7. On March 5, 2012, the Court denied your Affiant's motion to withdraw from representing Mr. Barton, and scheduled a detention hearing for March 12, 2012. A Notice of Appeal has been filed so that Defense Counsel may appeal the Magistrate Judge's order denying Defense Counsel's motion to withdraw from representing Mr. Barton.

8. Your affiant now moves the Court for an Order (see Ex. A (proposed order)) to hold the detention hearing, and all further proceedings, in abeyance pending final disposition of the appeal of the Magistrate Judge's order of March 5, 2012.

9. Defense Counsel's appeal of the Magistrate Judge's Order of March 5, 2012, is pending before this Court. This appeal pertains to whether Defense Counsel should continue to represent Mr. Barton, or whether Mr. Barton should proceed pro se. Mr. Barton has rebuffed all efforts of Defense Counsel to communicate with him. The Magistrate Judge now wishes to move forward with the detention hearing, and to have Your Affiant continue to represent Mr. Barton. To force Defense Counsel to go forward with detention hearing while the appeal of the March 5, 2012, Order is pending would violate Mr. Barton's constitutional rights and force defense counsel to violate his ethical obligations.

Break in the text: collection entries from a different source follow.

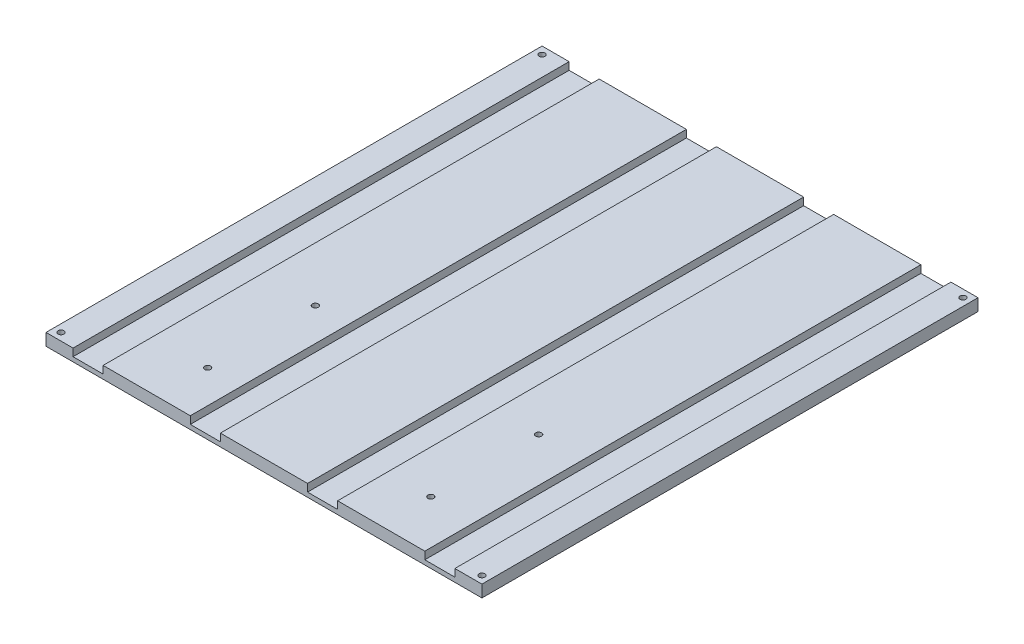
ISO-10303-21;
HEADER;
FILE_DESCRIPTION(('STEP AP214'),'2;1');
FILE_NAME('part.step','',(''),(''),'','','');
FILE_SCHEMA(('AUTOMOTIVE_DESIGN { 1 0 10303 214 1 1 1 1 }'));
ENDSEC;
DATA;
#1=APPLICATION_CONTEXT('core data for automotive mechanical design processes');
#2=APPLICATION_PROTOCOL_DEFINITION('international standard','automotive_design',2000,#1);
#3=PRODUCT_CONTEXT('',#1,'mechanical');
#4=PRODUCT('Part','Part','',(#3));
#5=PRODUCT_RELATED_PRODUCT_CATEGORY('part','',(#4));
#6=PRODUCT_DEFINITION_FORMATION('','',#4);
#7=PRODUCT_DEFINITION_CONTEXT('part definition',#1,'design');
#8=PRODUCT_DEFINITION('design','',#6,#7);
#9=PRODUCT_DEFINITION_SHAPE('','',#8);
#10=(LENGTH_UNIT() NAMED_UNIT(*) SI_UNIT(.MILLI.,.METRE.));
#11=(NAMED_UNIT(*) PLANE_ANGLE_UNIT() SI_UNIT($,.RADIAN.));
#12=(NAMED_UNIT(*) SI_UNIT($,.STERADIAN.) SOLID_ANGLE_UNIT());
#13=UNCERTAINTY_MEASURE_WITH_UNIT(LENGTH_MEASURE(1.E-05),#10,'distance_accuracy_value','');
#14=(GEOMETRIC_REPRESENTATION_CONTEXT(3) GLOBAL_UNCERTAINTY_ASSIGNED_CONTEXT((#13)) GLOBAL_UNIT_ASSIGNED_CONTEXT((#10,
#11,#12)) REPRESENTATION_CONTEXT('',''));
#15=CARTESIAN_POINT('',(0.,0.,0.));
#16=DIRECTION('',(0.,0.,1.));
#17=DIRECTION('',(1.,0.,0.));
#18=AXIS2_PLACEMENT_3D('',#15,#16,#17);
#19=CARTESIAN_POINT('',(-72.5,-4.,-82.5));
#20=DIRECTION('',(0.,0.,1.));
#21=DIRECTION('',(1.,0.,0.));
#22=AXIS2_PLACEMENT_3D('',#19,#20,#21);
#23=PLANE('',#22);
#24=DIRECTION('',(1.,0.,0.));
#25=VECTOR('',#24,1.);
#26=CARTESIAN_POINT('',(-63.5,-2.5,-82.5000000000001));
#27=LINE('',#26,#25);
#28=CARTESIAN_POINT('',(-63.5,-2.5,-82.5000000000001));
#29=VERTEX_POINT('',#28);
#30=CARTESIAN_POINT('',(-53.5,-2.5,-82.5000000000001));
#31=VERTEX_POINT('',#30);
#32=EDGE_CURVE('E196',#29,#31,#27,.T.);
#33=ORIENTED_EDGE('',*,*,#32,.T.);
#34=DIRECTION('',(0.,1.,0.));
#35=VECTOR('',#34,1.);
#36=CARTESIAN_POINT('',(-53.5,-2.5,-82.5000000000001));
#37=LINE('',#36,#35);
#38=CARTESIAN_POINT('',(-53.5,0.,-82.5000000000001));
#39=VERTEX_POINT('',#38);
#40=EDGE_CURVE('E178',#31,#39,#37,.T.);
#41=ORIENTED_EDGE('',*,*,#40,.T.);
#42=DIRECTION('',(1.,0.,0.));
#43=VECTOR('',#42,1.);
#44=CARTESIAN_POINT('',(-72.5,0.,-82.5));
#45=LINE('',#44,#43);
#46=CARTESIAN_POINT('',(-24.5,0.,-82.5000000000001));
#47=VERTEX_POINT('',#46);
#48=EDGE_CURVE('E312',#39,#47,#45,.T.);
#49=ORIENTED_EDGE('',*,*,#48,.T.);
#50=DIRECTION('',(0.,1.,0.));
#51=VECTOR('',#50,1.);
#52=CARTESIAN_POINT('',(-24.5,-2.5,-82.5000000000001));
#53=LINE('',#52,#51);
#54=CARTESIAN_POINT('',(-24.5,-2.5,-82.5000000000001));
#55=VERTEX_POINT('',#54);
#56=EDGE_CURVE('E228',#55,#47,#53,.T.);
#57=ORIENTED_EDGE('',*,*,#56,.F.);
#58=DIRECTION('',(1.,0.,0.));
#59=VECTOR('',#58,1.);
#60=CARTESIAN_POINT('',(-24.5,-2.5,-82.5000000000001));
#61=LINE('',#60,#59);
#62=CARTESIAN_POINT('',(-14.5,-2.5,-82.5000000000001));
#63=VERTEX_POINT('',#62);
#64=EDGE_CURVE('E240',#55,#63,#61,.T.);
#65=ORIENTED_EDGE('',*,*,#64,.T.);
#66=DIRECTION('',(0.,1.,0.));
#67=VECTOR('',#66,1.);
#68=CARTESIAN_POINT('',(-14.5,-2.5,-82.5000000000001));
#69=LINE('',#68,#67);
#70=CARTESIAN_POINT('',(-14.5,0.,-82.5000000000001));
#71=VERTEX_POINT('',#70);
#72=EDGE_CURVE('E225',#63,#71,#69,.T.);
#73=ORIENTED_EDGE('',*,*,#72,.T.);
#74=CARTESIAN_POINT('',(14.5,0.,-82.5000000000001));
#75=VERTEX_POINT('',#74);
#76=EDGE_CURVE('E413',#71,#75,#45,.T.);
#77=ORIENTED_EDGE('',*,*,#76,.T.);
#78=DIRECTION('',(0.,1.,0.));
#79=VECTOR('',#78,1.);
#80=CARTESIAN_POINT('',(14.5,-2.5,-82.5000000000001));
#81=LINE('',#80,#79);
#82=CARTESIAN_POINT('',(14.5,-2.5,-82.5000000000001));
#83=VERTEX_POINT('',#82);
#84=EDGE_CURVE('E253',#83,#75,#81,.T.);
#85=ORIENTED_EDGE('',*,*,#84,.F.);
#86=DIRECTION('',(1.,0.,0.));
#87=VECTOR('',#86,1.);
#88=CARTESIAN_POINT('',(14.5,-2.5,-82.5000000000001));
#89=LINE('',#88,#87);
#90=CARTESIAN_POINT('',(24.5,-2.5,-82.5000000000001));
#91=VERTEX_POINT('',#90);
#92=EDGE_CURVE('E265',#83,#91,#89,.T.);
#93=ORIENTED_EDGE('',*,*,#92,.T.);
#94=DIRECTION('',(0.,1.,0.));
#95=VECTOR('',#94,1.);
#96=CARTESIAN_POINT('',(24.5,-2.5,-82.5000000000001));
#97=LINE('',#96,#95);
#98=CARTESIAN_POINT('',(24.5,0.,-82.5000000000001));
#99=VERTEX_POINT('',#98);
#100=EDGE_CURVE('E250',#91,#99,#97,.T.);
#101=ORIENTED_EDGE('',*,*,#100,.T.);
#102=CARTESIAN_POINT('',(53.5,0.,-82.5000000000001));
#103=VERTEX_POINT('',#102);
#104=EDGE_CURVE('E411',#99,#103,#45,.T.);
#105=ORIENTED_EDGE('',*,*,#104,.T.);
#106=DIRECTION('',(0.,1.,0.));
#107=VECTOR('',#106,1.);
#108=CARTESIAN_POINT('',(53.5,-2.5,-82.5000000000001));
#109=LINE('',#108,#107);
#110=CARTESIAN_POINT('',(53.5,-2.5,-82.5000000000001));
#111=VERTEX_POINT('',#110);
#112=EDGE_CURVE('E278',#111,#103,#109,.T.);
#113=ORIENTED_EDGE('',*,*,#112,.F.);
#114=DIRECTION('',(1.,0.,0.));
#115=VECTOR('',#114,1.);
#116=CARTESIAN_POINT('',(53.5,-2.5,-82.5000000000001));
#117=LINE('',#116,#115);
#118=CARTESIAN_POINT('',(63.5,-2.5,-82.5000000000001));
#119=VERTEX_POINT('',#118);
#120=EDGE_CURVE('E289',#111,#119,#117,.T.);
#121=ORIENTED_EDGE('',*,*,#120,.T.);
#122=DIRECTION('',(0.,1.,0.));
#123=VECTOR('',#122,1.);
#124=CARTESIAN_POINT('',(63.5,-2.5,-82.5000000000001));
#125=LINE('',#124,#123);
#126=CARTESIAN_POINT('',(63.5,0.,-82.5000000000001));
#127=VERTEX_POINT('',#126);
#128=EDGE_CURVE('E275',#119,#127,#125,.T.);
#129=ORIENTED_EDGE('',*,*,#128,.T.);
#130=CARTESIAN_POINT('',(72.5,0.,-82.5));
#131=VERTEX_POINT('',#130);
#132=EDGE_CURVE('E189',#127,#131,#45,.T.);
#133=ORIENTED_EDGE('',*,*,#132,.T.);
#134=DIRECTION('',(0.,1.,0.));
#135=VECTOR('',#134,1.);
#136=CARTESIAN_POINT('',(72.5,-4.,-82.5));
#137=LINE('',#136,#135);
#138=CARTESIAN_POINT('',(72.5,-4.,-82.5));
#139=VERTEX_POINT('',#138);
#140=EDGE_CURVE('E11',#139,#131,#137,.T.);
#141=ORIENTED_EDGE('',*,*,#140,.F.);
#142=DIRECTION('',(1.,0.,0.));
#143=VECTOR('',#142,1.);
#144=CARTESIAN_POINT('',(-72.5,-4.,-82.5));
#145=LINE('',#144,#143);
#146=CARTESIAN_POINT('',(-72.5,-4.,-82.5));
#147=VERTEX_POINT('',#146);
#148=EDGE_CURVE('E297',#147,#139,#145,.T.);
#149=ORIENTED_EDGE('',*,*,#148,.F.);
#150=DIRECTION('',(0.,1.,0.));
#151=VECTOR('',#150,1.);
#152=CARTESIAN_POINT('',(-72.5,-4.,-82.5));
#153=LINE('',#152,#151);
#154=CARTESIAN_POINT('',(-72.5,0.,-82.5));
#155=VERTEX_POINT('',#154);
#156=EDGE_CURVE('E308',#147,#155,#153,.T.);
#157=ORIENTED_EDGE('',*,*,#156,.T.);
#158=CARTESIAN_POINT('',(-63.5,0.,-82.5));
#159=VERTEX_POINT('',#158);
#160=EDGE_CURVE('E309',#155,#159,#45,.T.);
#161=ORIENTED_EDGE('',*,*,#160,.T.);
#162=DIRECTION('',(0.,1.,0.));
#163=VECTOR('',#162,1.);
#164=CARTESIAN_POINT('',(-63.5,-2.5,-82.5000000000001));
#165=LINE('',#164,#163);
#166=EDGE_CURVE('E203',#29,#159,#165,.T.);
#167=ORIENTED_EDGE('',*,*,#166,.F.);
#168=EDGE_LOOP('',(#33,#41,#49,#57,#65,#73,#77,#85,#93,#101,#105,#113,#121,#129,#133,#141,#149,
#157,#161,#167));
#169=FACE_BOUND('',#168,.T.);
#170=ADVANCED_FACE('F41',(#169),#23,.F.);
#171=CARTESIAN_POINT('',(-72.5,-4.,82.5));
#172=DIRECTION('',(0.,0.,1.));
#173=DIRECTION('',(1.,0.,0.));
#174=AXIS2_PLACEMENT_3D('',#171,#172,#173);
#175=PLANE('',#174);
#176=DIRECTION('',(0.,1.,0.));
#177=VECTOR('',#176,1.);
#178=CARTESIAN_POINT('',(-53.5,-2.5,82.4999999999999));
#179=LINE('',#178,#177);
#180=CARTESIAN_POINT('',(-53.5,-2.5,82.4999999999999));
#181=VERTEX_POINT('',#180);
#182=CARTESIAN_POINT('',(-53.5,0.,82.4999999999999));
#183=VERTEX_POINT('',#182);
#184=EDGE_CURVE('E190',#181,#183,#179,.T.);
#185=ORIENTED_EDGE('',*,*,#184,.F.);
#186=DIRECTION('',(1.,0.,0.));
#187=VECTOR('',#186,1.);
#188=CARTESIAN_POINT('',(-63.5,-2.5,82.4999999999999));
#189=LINE('',#188,#187);
#190=CARTESIAN_POINT('',(-63.5,-2.5,82.4999999999999));
#191=VERTEX_POINT('',#190);
#192=EDGE_CURVE('E199',#191,#181,#189,.T.);
#193=ORIENTED_EDGE('',*,*,#192,.F.);
#194=DIRECTION('',(0.,1.,0.));
#195=VECTOR('',#194,1.);
#196=CARTESIAN_POINT('',(-63.5,-2.5,82.4999999999999));
#197=LINE('',#196,#195);
#198=CARTESIAN_POINT('',(-63.5,0.,82.4999999999999));
#199=VERTEX_POINT('',#198);
#200=EDGE_CURVE('E218',#191,#199,#197,.T.);
#201=ORIENTED_EDGE('',*,*,#200,.T.);
#202=DIRECTION('',(1.,0.,0.));
#203=VECTOR('',#202,1.);
#204=CARTESIAN_POINT('',(-72.5,0.,82.5));
#205=LINE('',#204,#203);
#206=CARTESIAN_POINT('',(-72.5,0.,82.5));
#207=VERTEX_POINT('',#206);
#208=EDGE_CURVE('E316',#207,#199,#205,.T.);
#209=ORIENTED_EDGE('',*,*,#208,.F.);
#210=DIRECTION('',(0.,1.,0.));
#211=VECTOR('',#210,1.);
#212=CARTESIAN_POINT('',(-72.5,-4.,82.5));
#213=LINE('',#212,#211);
#214=CARTESIAN_POINT('',(-72.5,-4.,82.5));
#215=VERTEX_POINT('',#214);
#216=EDGE_CURVE('E323',#215,#207,#213,.T.);
#217=ORIENTED_EDGE('',*,*,#216,.F.);
#218=DIRECTION('',(1.,0.,0.));
#219=VECTOR('',#218,1.);
#220=CARTESIAN_POINT('',(-72.5,-4.,82.5));
#221=LINE('',#220,#219);
#222=CARTESIAN_POINT('',(72.5,-4.,82.5));
#223=VERTEX_POINT('',#222);
#224=EDGE_CURVE('E303',#215,#223,#221,.T.);
#225=ORIENTED_EDGE('',*,*,#224,.T.);
#226=DIRECTION('',(0.,1.,0.));
#227=VECTOR('',#226,1.);
#228=CARTESIAN_POINT('',(72.5,-4.,82.5));
#229=LINE('',#228,#227);
#230=CARTESIAN_POINT('',(72.5,0.,82.5));
#231=VERTEX_POINT('',#230);
#232=EDGE_CURVE('E49',#223,#231,#229,.T.);
#233=ORIENTED_EDGE('',*,*,#232,.T.);
#234=CARTESIAN_POINT('',(63.5,0.,82.5));
#235=VERTEX_POINT('',#234);
#236=EDGE_CURVE('E315',#235,#231,#205,.T.);
#237=ORIENTED_EDGE('',*,*,#236,.F.);
#238=DIRECTION('',(0.,1.,0.));
#239=VECTOR('',#238,1.);
#240=CARTESIAN_POINT('',(63.5,-2.5,82.4999999999999));
#241=LINE('',#240,#239);
#242=CARTESIAN_POINT('',(63.5,-2.5,82.4999999999999));
#243=VERTEX_POINT('',#242);
#244=EDGE_CURVE('E57',#243,#235,#241,.T.);
#245=ORIENTED_EDGE('',*,*,#244,.F.);
#246=DIRECTION('',(1.,0.,0.));
#247=VECTOR('',#246,1.);
#248=CARTESIAN_POINT('',(53.5,-2.5,82.4999999999999));
#249=LINE('',#248,#247);
#250=CARTESIAN_POINT('',(53.5,-2.5,82.4999999999999));
#251=VERTEX_POINT('',#250);
#252=EDGE_CURVE('E286',#251,#243,#249,.T.);
#253=ORIENTED_EDGE('',*,*,#252,.F.);
#254=DIRECTION('',(0.,1.,0.));
#255=VECTOR('',#254,1.);
#256=CARTESIAN_POINT('',(53.5,-2.5,82.4999999999999));
#257=LINE('',#256,#255);
#258=CARTESIAN_POINT('',(53.5,0.,82.4999999999999));
#259=VERTEX_POINT('',#258);
#260=EDGE_CURVE('E280',#251,#259,#257,.T.);
#261=ORIENTED_EDGE('',*,*,#260,.T.);
#262=CARTESIAN_POINT('',(24.5,0.,82.5));
#263=VERTEX_POINT('',#262);
#264=EDGE_CURVE('E406',#263,#259,#205,.T.);
#265=ORIENTED_EDGE('',*,*,#264,.F.);
#266=DIRECTION('',(0.,1.,0.));
#267=VECTOR('',#266,1.);
#268=CARTESIAN_POINT('',(24.5,-2.5,82.4999999999999));
#269=LINE('',#268,#267);
#270=CARTESIAN_POINT('',(24.5,-2.5,82.4999999999999));
#271=VERTEX_POINT('',#270);
#272=EDGE_CURVE('E65',#271,#263,#269,.T.);
#273=ORIENTED_EDGE('',*,*,#272,.F.);
#274=DIRECTION('',(1.,0.,0.));
#275=VECTOR('',#274,1.);
#276=CARTESIAN_POINT('',(14.5,-2.5,82.4999999999999));
#277=LINE('',#276,#275);
#278=CARTESIAN_POINT('',(14.5,-2.5,82.4999999999999));
#279=VERTEX_POINT('',#278);
#280=EDGE_CURVE('E262',#279,#271,#277,.T.);
#281=ORIENTED_EDGE('',*,*,#280,.F.);
#282=DIRECTION('',(0.,1.,0.));
#283=VECTOR('',#282,1.);
#284=CARTESIAN_POINT('',(14.5,-2.5,82.4999999999999));
#285=LINE('',#284,#283);
#286=CARTESIAN_POINT('',(14.5,0.,82.4999999999999));
#287=VERTEX_POINT('',#286);
#288=EDGE_CURVE('E255',#279,#287,#285,.T.);
#289=ORIENTED_EDGE('',*,*,#288,.T.);
#290=CARTESIAN_POINT('',(-14.5,0.,82.5));
#291=VERTEX_POINT('',#290);
#292=EDGE_CURVE('E435',#291,#287,#205,.T.);
#293=ORIENTED_EDGE('',*,*,#292,.F.);
#294=DIRECTION('',(0.,1.,0.));
#295=VECTOR('',#294,1.);
#296=CARTESIAN_POINT('',(-14.5,-2.5,82.4999999999999));
#297=LINE('',#296,#295);
#298=CARTESIAN_POINT('',(-14.5,-2.5,82.4999999999999));
#299=VERTEX_POINT('',#298);
#300=EDGE_CURVE('E222',#299,#291,#297,.T.);
#301=ORIENTED_EDGE('',*,*,#300,.F.);
#302=DIRECTION('',(1.,0.,0.));
#303=VECTOR('',#302,1.);
#304=CARTESIAN_POINT('',(-24.5,-2.5,82.4999999999999));
#305=LINE('',#304,#303);
#306=CARTESIAN_POINT('',(-24.5,-2.5,82.4999999999999));
#307=VERTEX_POINT('',#306);
#308=EDGE_CURVE('E237',#307,#299,#305,.T.);
#309=ORIENTED_EDGE('',*,*,#308,.F.);
#310=DIRECTION('',(0.,1.,0.));
#311=VECTOR('',#310,1.);
#312=CARTESIAN_POINT('',(-24.5,-2.5,82.4999999999999));
#313=LINE('',#312,#311);
#314=CARTESIAN_POINT('',(-24.5,0.,82.4999999999999));
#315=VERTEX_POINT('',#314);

10. Without adequately addressing the issue, as set forth in Counsel's motion to withdraw, the Court is denying Mr. Barton his right to proceed pro se. See generally Faretta v. California, 422 U.S. 806, 820 (1975) (explaining that, "[t]he language and spirit of the Sixth Amendment contemplate that counsel, like the other defense tools guaranteed by the amendment, shall be an aid to a willing defendant-not an organ of the State interposed between an unwilling defendant and his right to defend himself personally."). Though Mr. Barton has expressed an interest in being represented by counsel of his choosing, his actions demonstrate that he may wish to represent himself rather than be represented by court-appointed counsel (see, e.g., Docket Item 25 (pro se motion to dismiss)).

11. By ordering Defense Counsel to participate in the detention hearing when it is known that counsel has not been able to adequately prepare for the proceedings, the Court is effectively denying Mr. Barton his right to effective legal assistance. Furthermore, Mr. Barton has a right to a single detention hearing. If Mr. Barton were to be detained following this hearing, a realistic possibility, then he would be required to establish new facts, not just newly discovered facts, to reopen the detention hearing. Thus, it is not in Mr. Barton's best interest to proceed with a lawyer who is not prepared to face a hearing that was not requested by either defense counsel, the defendant, or the government.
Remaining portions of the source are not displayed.